**Source data:**
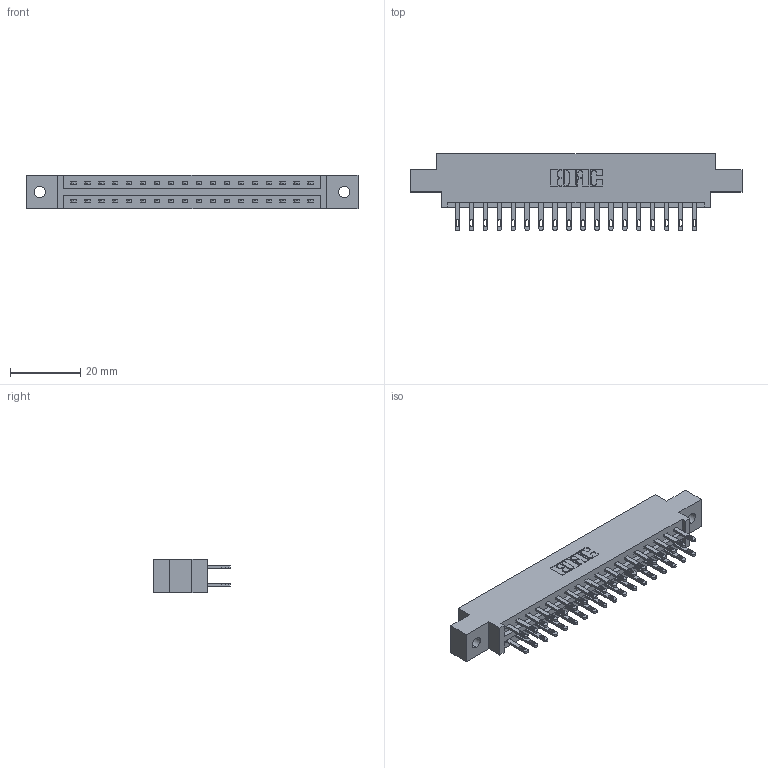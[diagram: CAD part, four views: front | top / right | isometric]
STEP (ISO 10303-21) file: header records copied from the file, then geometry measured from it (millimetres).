
FILE_DESCRIPTION (( 'STEP AP203' ), '1' );
FILE_NAME ('887-036-500-802.STEP', '2020-09-20T22:22:30', ( '' ), ( '' ), 'SwSTEP 2.0', 'SolidWorks 2020', '' );
FILE_SCHEMA (( 'CONFIG_CONTROL_DESIGN' ));
Length unit declared in the file: inch
Products named in the file (3): 345-292-001_345-293-100; 837 Part_0.170 Offset - 0.128 Dia; 887-036-500-802
Assembly tree (37 placements, depth 2):
  887-036-500-802
    837 Part_0.170 Offset - 0.128 Dia
    345-292-001_345-293-100  x36
Bounding box: 94.34 x 21.85 x 9.4 mm (x, y, z)
Volume: 9578.2 mm3; surface area: 10829.6 mm2
Topology: 37 solids, 37 shells, 1918 faces, 5831 edges, 3886 vertices
Faces by surface type: plane 1226, cylinder 692
Entity records: 17125 total; most frequent: CARTESIAN_POINT 2906, ORIENTED_EDGE 2842, DIRECTION 2517, EDGE_CURVE 1421, LINE 1289, VECTOR 1289, VERTEX_POINT 946, AXIS2_PLACEMENT_3D 614

**What is required:** Give the data above again exactly. Leave the pictures out.

**Your response:**
[diagram: CAD part, four views: front | top / right | isometric]
STEP (ISO 10303-21) file: header records copied from the file, then geometry measured from it (millimetres).
FILE_DESCRIPTION (( 'STEP AP203' ), '1' );
FILE_NAME ('887-036-500-802.STEP', '2020-09-20T22:22:30', ( '' ), ( '' ), 'SwSTEP 2.0', 'SolidWorks 2020', '' );
FILE_SCHEMA (( 'CONFIG_CONTROL_DESIGN' ));
Length unit declared in the file: inch
Products named in the file (3): 345-292-001_345-293-100; 837 Part_0.170 Offset - 0.128 Dia; 887-036-500-802
Assembly tree (37 placements, depth 2):
  887-036-500-802
    837 Part_0.170 Offset - 0.128 Dia
    345-292-001_345-293-100  x36
Bounding box: 94.34 x 21.85 x 9.4 mm (x, y, z)
Volume: 9578.2 mm3; surface area: 10829.6 mm2
Topology: 37 solids, 37 shells, 1918 faces, 5831 edges, 3886 vertices
Faces by surface type: plane 1226, cylinder 692
Entity records: 17125 total; most frequent: CARTESIAN_POINT 2906, ORIENTED_EDGE 2842, DIRECTION 2517, EDGE_CURVE 1421, LINE 1289, VECTOR 1289, VERTEX_POINT 946, AXIS2_PLACEMENT_3D 614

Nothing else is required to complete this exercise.